Dans un village non reconnu il est fréquent de voir des situations ahurissantes comme des maisons privées d’électricité alors qu’elles se trouvent juste en dessous d’une ligne à haute tension. C’est le cas de Salah du village de Harirat Al Hazaz. Alors qu’un pylône surplombe sa maison, il est obligé d’utiliser un générateur qu’il ne fait fonctionner que deux heures par jour pour économiser l’essence.

Pour les habitants, améliorer leur vie quotidienne relève d’une lutte de longue haleine. Construire une école nécessite une autorisation de justice et donc un jugement du tribunal israélien, idem pour construire un centre médical, un local poubelle ou toute autre infrastructure.

Un égout à ciel coupe un village en deux
Le village de Kfar Abu Kaf est traversé par un égout à ciel ouvert provenant d’Hébron à plus de 50 kilomètres. Le village est littéralement coupé en deux et la construction d’un pont pour permettre aux enfants d’une des moitiés de pouvoir rejoindre leur école a été une vraie gageure, nécessitant une autorisation spéciale des autorités israéliennes. En hiver, avec la montée des eaux, le pont est régulièrement emporté par le torrent d’eau putride isolant un des moitiés du village pour des semaines. En été, l’odeur est épouvantable et une myriade de moustique s’y développe harassant les habitants et générant quantités de maladies de la peau.

Des villas de luxes côtoient des cabanes de tôles
Le visage de l’apartheid prend toute sa réalité dans le village bédouin de Tarabin jouxtant la banlieue pavillonnaire juive de Omer.

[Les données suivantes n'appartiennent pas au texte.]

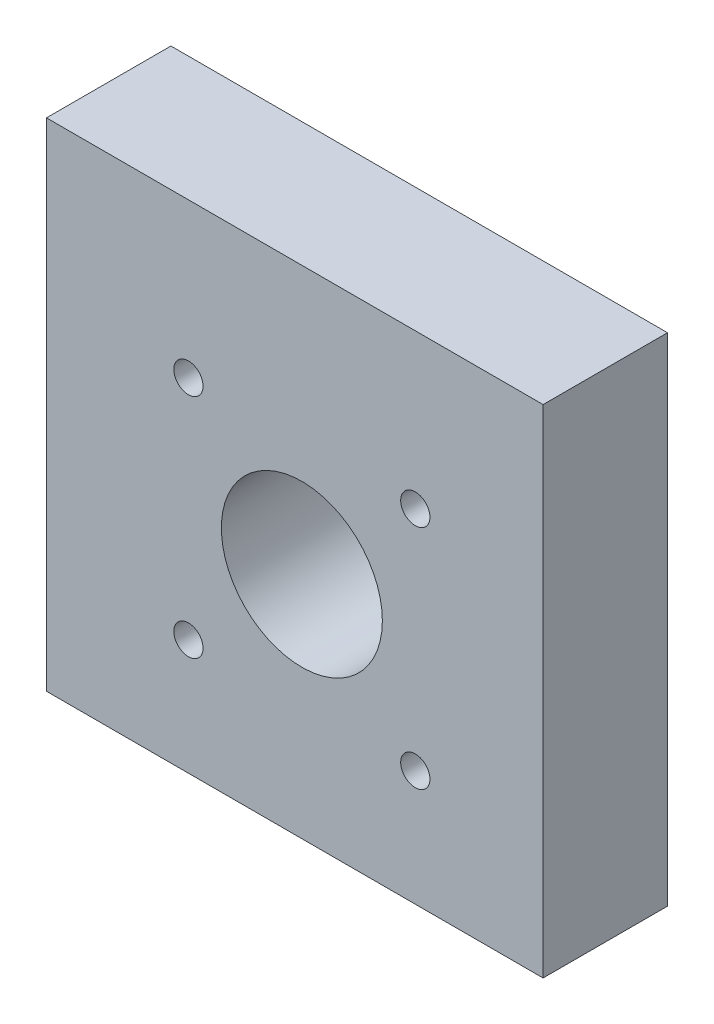
from build123d import *

# Parameters (mm, degrees)
SKETCH_1_W          = 67.85270183
SKETCH_1_H          = 67.85270183
EXTRUDE_1_DEPTH     = 17
SKETCH_2_R          = 11
CUT_EXTRUDE_1_DEPTH = 17
SKETCH_3_R          = 2
CUT_EXTRUDE_2_DEPTH = 17


with BuildPart() as part:
    # 草图1 → 凸台-拉伸1 (new body)
    with BuildSketch(Plane.XY):
        with Locations((-0.966617145, 2.637078742)):
            Rectangle(SKETCH_1_W, SKETCH_1_H)
    extrude(amount=-EXTRUDE_1_DEPTH)

    # 草图2 → 切除-拉伸1 (cut)
    with BuildSketch(Plane.XY):
        Circle(SKETCH_2_R)
    extrude(amount=-CUT_EXTRUDE_1_DEPTH, mode=Mode.SUBTRACT)

    # 草图3 → 切除-拉伸2 (cut)
    with BuildSketch(Plane.XY):
        with Locations((-15.5, 15.5)):
            Circle(SKETCH_3_R)
        with Locations((15.5, 15.5)):
            Circle(SKETCH_3_R)
        with Locations((-15.5, -15.5)):
            Circle(SKETCH_3_R)
        with Locations((15.5, -15.5)):
            Circle(SKETCH_3_R)
    extrude(amount=-CUT_EXTRUDE_2_DEPTH, mode=Mode.SUBTRACT)


solid = part.part
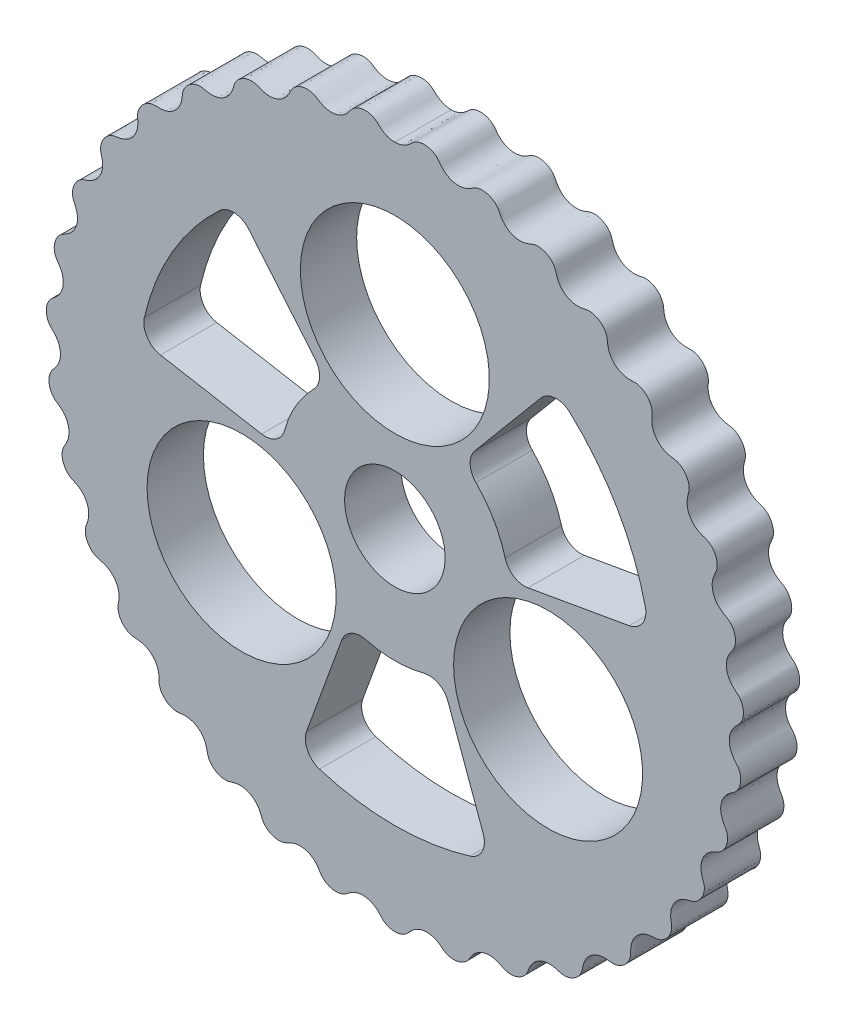
from build123d import *

# Parameters (mm, degrees)
BOSS_EXTRU_1_DEPTH           = 14
ENL_V_MAT_EXTRU_1_DEPTH      = 124.42138143
ENL_V_MAT_EXTRU_1_DEPTH_BACK = 124.42138143
ESQUISSE3_R                  = 12.5
ESQUISSE3_R_2                = 23.5


with BuildPart() as part:
    # Esquisse2 → Boss.-Extru.1 (new body)
    with BuildSketch(Plane.XY):
        with BuildLine():
            add(Edge.make_bspline(
                [(1e-09, 83.25), (0.040088824, 83.25), (0.120129435, 83.251061337), (0.267585323, 83.255837405), (0.462703618, 83.268563591), (0.645364707, 83.287627746), (0.825953715, 83.312999661), (1.053015758, 83.352548801), (1.323585204, 83.412444198), (1.633849565, 83.500181878), (1.981467864, 83.624321814), (2.319706006, 83.771485064), (2.662261899, 83.948181393), (3.005971372, 84.156358183), (3.348103017, 84.397162636), (3.685988397, 84.670610579), (4.008592319, 84.961802752), (4.321836079, 85.262578071), (4.647527428, 85.550888056), (5.00416229, 85.80082452), (5.420230989, 86.025743459), (5.895542579, 86.212908715), (6.56872817, 86.386645099), (7.441163645, 86.461499109), (8.31096741, 86.365542445), (9.139686188, 86.103782565), (9.742354143, 85.796005539), (10.150971365, 85.519911182), (10.493651783, 85.223730836), (10.774023962, 84.920522416), (11.02349314, 84.592216853), (11.266189819, 84.259279908), (11.583232815, 83.853055222), (11.978990072, 83.41447515), (12.475948016, 82.969917028), (13.236613444, 82.452632975), (14.231476492, 82.003960392), (15.316566452, 81.787292865), (16.425471427, 81.822980521), (17.371332617, 82.029422534), (18.031781326, 82.27473577), (18.590099136, 82.55866092), (19.058707362, 82.844515725), (19.424812003, 83.08639478), (19.797768015, 83.318657156), (20.194528645, 83.508944361), (20.646923696, 83.663433899), (21.152322405, 83.769311681), (21.852905271, 83.826753269), (22.733024109, 83.749513001), (23.579501632, 83.501749492), (24.354631314, 83.096153378), (24.903331276, 82.680179392), (25.270219184, 82.321521455), (25.570166919, 81.944583878), (25.804875176, 81.560289216), (26.0022721, 81.156523842), (26.200456977, 80.753476022), (26.417441773, 80.359742657), (26.659408377, 79.980820466), (27.043944341, 79.465530805), (27.623573402, 78.85957836), (28.494804468, 78.222841595), (29.550472496, 77.78603484), (30.539020285, 77.600802853), (31.351520301, 77.589184119), (31.930004105, 77.645832513), (32.444072119, 77.745989986), (32.893967914, 77.870153957), (33.33402857, 78.025317193), (33.765097494, 78.202941318), (34.194001399, 78.386098415), (34.6387147, 78.529805348), (35.134404455, 78.621743876), (35.674334892, 78.650260217), (36.403067544, 78.592270558), (37.275486637, 78.364225762), (38.205806208, 77.907245588), (38.961789042, 77.279081876), (39.44721498, 76.678331376), (39.736175831, 76.170073673), (39.895686332, 75.802983245), (40.017153344, 75.422023667), (40.123278131, 75.03704219), (40.266952736, 74.558710579), (40.52603309, 73.858369814), (40.998292492, 72.978406766), (41.799856099, 72.042062786), (42.915765728, 71.264158326), (44.088170393, 70.824770209), (45.098834121, 70.68453932), (45.907515146, 70.703534323), (46.503576132, 70.778964498), (46.975618019, 70.869128082), (47.443113881, 70.978260798), (47.916048892, 71.065998829), (48.43944974, 71.093542226), (49.003576105, 71.044012416), (49.755042598, 70.868238753), (50.610366574, 70.487726507), (51.467799376, 69.867511908), (52.111517426, 69.110718909), (52.484318801, 68.444428978), (52.68284929, 67.901497324), (52.77906692, 67.517497098), (52.83503762, 67.125910368), (52.870777297, 66.732510746), (52.923152924, 66.241358661), (53.043675087, 65.513213967), (53.333777617, 64.570142288), (53.93756528, 63.491699703), (54.775250645, 62.619966119), (55.630801731, 62.045619638), (56.36551236, 61.71532283), (56.923128601, 61.536890836), (57.447467895, 61.424449738), (57.930979273, 61.361975821), (58.417652562, 61.337451845), (58.904807507, 61.34335197), (59.390906455, 61.368187759), (59.878685487, 61.365811652), (60.398107488, 61.292640881), (60.936861168, 61.138826648), (61.62692939, 60.833061785), (62.368773024, 60.325452104), (63.070783729, 59.603766356), (63.599832645, 58.729641746), (63.864411541, 57.984269241), (63.966304107, 57.381112845), (63.984790029, 56.947011656), (63.969768225, 56.599995642), (63.940037008, 56.254191418), (63.913440028, 55.908139169), (63.89366939, 55.449772497), (63.907281987, 54.878978891), (63.995900239, 54.200692304), (64.209129067, 53.433584291), (64.591005855, 52.571629452), (65.20921762, 51.670333511), (66.0496679, 50.891803695), (66.977010041, 50.366395199), (67.765623933, 50.081199811), (68.363321294, 49.934399893), (68.848132122, 49.848790044), (69.335705709, 49.785087726), (69.821203649, 49.701160317), (70.326714826, 49.541891931), (70.837401665, 49.2974927), (71.472087998, 48.874778818), (72.167577664, 48.196074269), (72.704504093, 47.375491181), (73.050398197, 46.456289116), (73.180988144, 45.681862557), (73.192936086, 45.099857735), (73.123364105, 44.56054888), (72.995972368, 44.072709633), (72.863253803, 43.587050514), (72.756902125, 43.09415646), (72.669282446, 42.470109625), (72.645676872, 41.633534723), (72.792980571, 40.597385832), (73.246451733, 39.419706482), (74.026723602, 38.321842695), (74.945205601, 37.540235326), (75.877215276, 37.034082023), (76.730819728, 36.717716587), (77.466146094, 36.500920235), (78.227010447, 36.098063755), (78.94290159, 35.472632054), (79.582280339, 34.604590831), (79.985995888, 33.639305082), (80.161890124, 32.735499701), (80.167168005, 31.975334126), (80.092246376, 31.41625737), (79.949546775, 30.907612604), (79.754741271, 30.456911944), (79.539715603, 30.016508644), (79.343658601, 29.566803291), (79.13548163, 28.989859683), (78.977208113, 28.345311634), (78.896285201, 27.6362638), (78.924429639, 26.702747596), (79.101589924, 25.829390502), (79.4422354, 24.97534494), (79.946744448, 24.177461376), (80.468136684, 23.571467333), (80.985240033, 23.119511157), (81.454643896, 22.790508681), (81.848905188, 22.552451742), (82.153226287, 22.382870947), (82.459458217, 22.216808391), (82.759161309, 22.038729623), (83.113879052, 21.785019555), (83.564698722, 21.36810414), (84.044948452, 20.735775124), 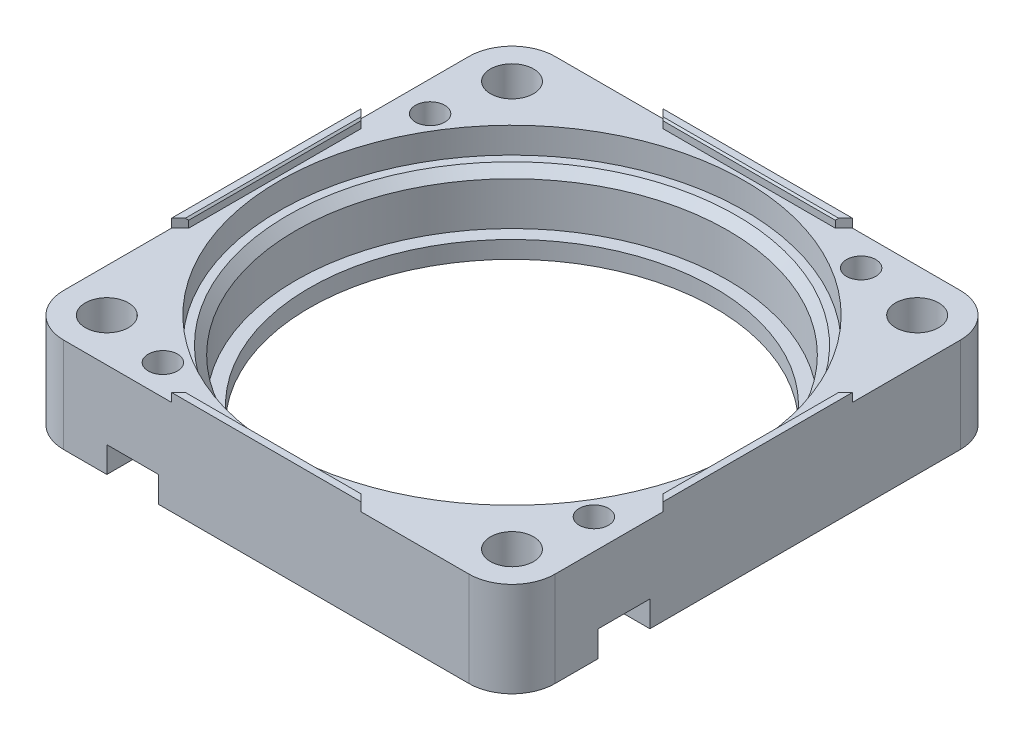
from build123d import *

# Parameters (mm, degrees)
SKETCH_1_W                           = 57
SKETCH_1_H                           = 57
EXTRUDE_1_DEPTH                      = 11
FILLET_1_R                           = 5
SKETCH_2_R                           = 27
CUT_EXTRUDE_1_DEPTH                  = 3
SKETCH_3_R                           = 25.05
CUT_EXTRUDE_2_DEPTH                  = 6
SKETCH_4_R                           = 23.5
CUT_EXTRUDE_3_DEPTH                  = 2
CHAMFER_1_SIZE                       = 1
SKETCH_5_R                           = 2.5
SKETCH_5_R_2                         = 1.7
CUT_EXTRUDE_4_DEPTH                  = 42.779181419
EXTRUDE_2_DEPTH                      = 1
CHAMFER_2_SIZE                       = 0.2
CUT_EXTRUDE_5_DEPTH                  = 3
PATTERN_CIRCULAR_1_COUNT             = 4
CHAMFER_2_OF_PATTERN_CIRCULAR_1_SIZE = 0.2


with BuildPart() as part:
    # 草图1 → 凸台-拉伸1 (new body)
    with BuildSketch(Plane(origin=(0, 0, 0), x_dir=(1, 0, 0), z_dir=(0, 1, 0))):
        Rectangle(SKETCH_1_W, SKETCH_1_H)
    extrude(amount=EXTRUDE_1_DEPTH)

    # 圆角1
    fillet_1_edges = [part.edges().sort_by_distance(p)[0] for p in [
        (28.5, 5.5, 28.5),
        (-28.5, 5.5, 28.5),
        (-28.5, 5.5, -28.5),
        (28.5, 5.5, -28.5),
    ]]
    fillet(fillet_1_edges, radius=FILLET_1_R)

    # 草图2 → 切除-拉伸1 (cut)
    with BuildSketch(Plane(origin=(0, 11, 0), x_dir=(1, 0, 0), z_dir=(0, 1, 0))):
        with Locations(Location((0, 0, 0), (0, 0, 270))):
            Circle(SKETCH_2_R)
    extrude(amount=-CUT_EXTRUDE_1_DEPTH, mode=Mode.SUBTRACT)

    # 草图3 → 切除-拉伸2 (cut)
    with BuildSketch(Plane(origin=(0, 8, 0), x_dir=(1, 0, 0), z_dir=(0, 1, 0))):
        with Locations(Location((0, 0, 0), (0, 0, 270))):
            Circle(SKETCH_3_R)
    extrude(amount=-CUT_EXTRUDE_2_DEPTH, mode=Mode.SUBTRACT)

    # 草图4 → 切除-拉伸3 (cut)
    with BuildSketch(Plane(origin=(0, 2, 0), x_dir=(1, 0, 0), z_dir=(0, 1, 0))):
        with Locations(Location((0, 0, 0), (0, 0, 270))):
            Circle(SKETCH_4_R)
    extrude(amount=-CUT_EXTRUDE_3_DEPTH, mode=Mode.SUBTRACT)

    # 倒角1
    chamfer_1_edges = [part.edges().sort_by_distance(p)[0] for p in [
        (0, 8, -25.05),
    ]]
    chamfer(chamfer_1_edges, length=CHAMFER_1_SIZE)

    # 草图5 → 切除-拉伸4 (cut, through all)
    with BuildSketch(Plane(origin=(0, 11, 0), x_dir=(1, 0, 0), z_dir=(0, 1, 0))):
        with Locations(Location((-23.5, 23.5, 0), (0, 0, 270))):
            Circle(SKETCH_5_R)
        with Locations(Location((-25, 15.5, 0), (0, 0, 270))):
            Circle(SKETCH_5_R_2)
    cut_extrude_4 = extrude(amount=-CUT_EXTRUDE_4_DEPTH, mode=Mode.SUBTRACT)

    # 草图6 → 凸台-拉伸2 (add)
    with BuildSketch(Plane(origin=(0, 11, 0), x_dir=(1, 0, 0), z_dir=(0, 1, 0))):
        Polygon((-28.5, 11), (-28.5, -11), (-27.5, -10), (-27.5, 10), align=None)
    extrude_2 = extrude(amount=EXTRUDE_2_DEPTH)

    # 倒角2
    chamfer_2_edges = [part.edges().sort_by_distance(p)[0] for p in [
        (-27.5, 12, 0),
    ]]
    chamfer(chamfer_2_edges, length=CHAMFER_2_SIZE)

    # 草图7 → 切除-拉伸5 (cut)
    with BuildSketch(Plane.XZ):
        with BuildLine():
            Line((-25, -18.5), (-30.818208661, -18.5))
            ThreePointArc((-30.818208661, -18.5), (-33.818208661, -15.5), (-30.818208661, -12.5))
            Line((-30.818208661, -12.5), (-25, -12.5))
            ThreePointArc((-25, -12.5), (-22, -15.5), (-25, -18.5))
        make_face()
    cut_extrude_5 = extrude(amount=-CUT_EXTRUDE_5_DEPTH, mode=Mode.SUBTRACT)

    # 阵列(圆周)1: 切除-拉伸4, 凸台-拉伸2, 切除-拉伸5 ×4 about axis
    pattern_circular_1_axis = Axis((0, 0, 0), (0, 1, 0))
    add([cut_extrude_4.rotate(pattern_circular_1_axis, i * 360 / PATTERN_CIRCULAR_1_COUNT) for i in range(1, PATTERN_CIRCULAR_1_COUNT)], mode=Mode.SUBTRACT)
    add([extrude_2.rotate(pattern_circular_1_axis, i * 360 / PATTERN_CIRCULAR_1_COUNT) for i in range(1, PATTERN_CIRCULAR_1_COUNT)])
    add([cut_extrude_5.rotate(pattern_circular_1_axis, i * 360 / PATTERN_CIRCULAR_1_COUNT) for i in range(1, PATTERN_CIRCULAR_1_COUNT)], mode=Mode.SUBTRACT)

    # 倒角2 of 阵列(圆周)1
    chamfer_2_of_pattern_circular_1_edges = [part.edges().sort_by_distance(p)[0] for p in [
        (0, 12, 27.5),
        (27.5, 12, 0),
        (0, 12, -27.5),
    ]]
    chamfer(chamfer_2_of_pattern_circular_1_edges, length=CHAMFER_2_OF_PATTERN_CIRCULAR_1_SIZE)


solid = part.part

Tarabin est similaire à tous les villages bédouins, un amas de taules au milieu de montagnes de détritus.
Photo: Le village de Tarabin...

Sa particularité : il est entouré par un grillage sur tout son pourtour, une seule porte donnant accès au village. A cinquante mètre, de l’autre côté du grillage, s’étend la luxueuse banlieue juive d’Omer et ses pavillons à jardin, ses rues éclairées et bordées de palmiers.
Photo: ... a un jet de pierre, les villas juives de Omer

Voilà la réalité de l’apartheid israélien, des villages arabes historiques sans existence légale et des pavillons luxueux juifs, résultat de l’occupation et du vol des terres arabes.

La vie des bédouins n’a rien de pittoresque comme on pourrait le croire en lisant un guide touristique, c’est un enfer au cœur de la soit disant seule démocratie du Moyen-Orient.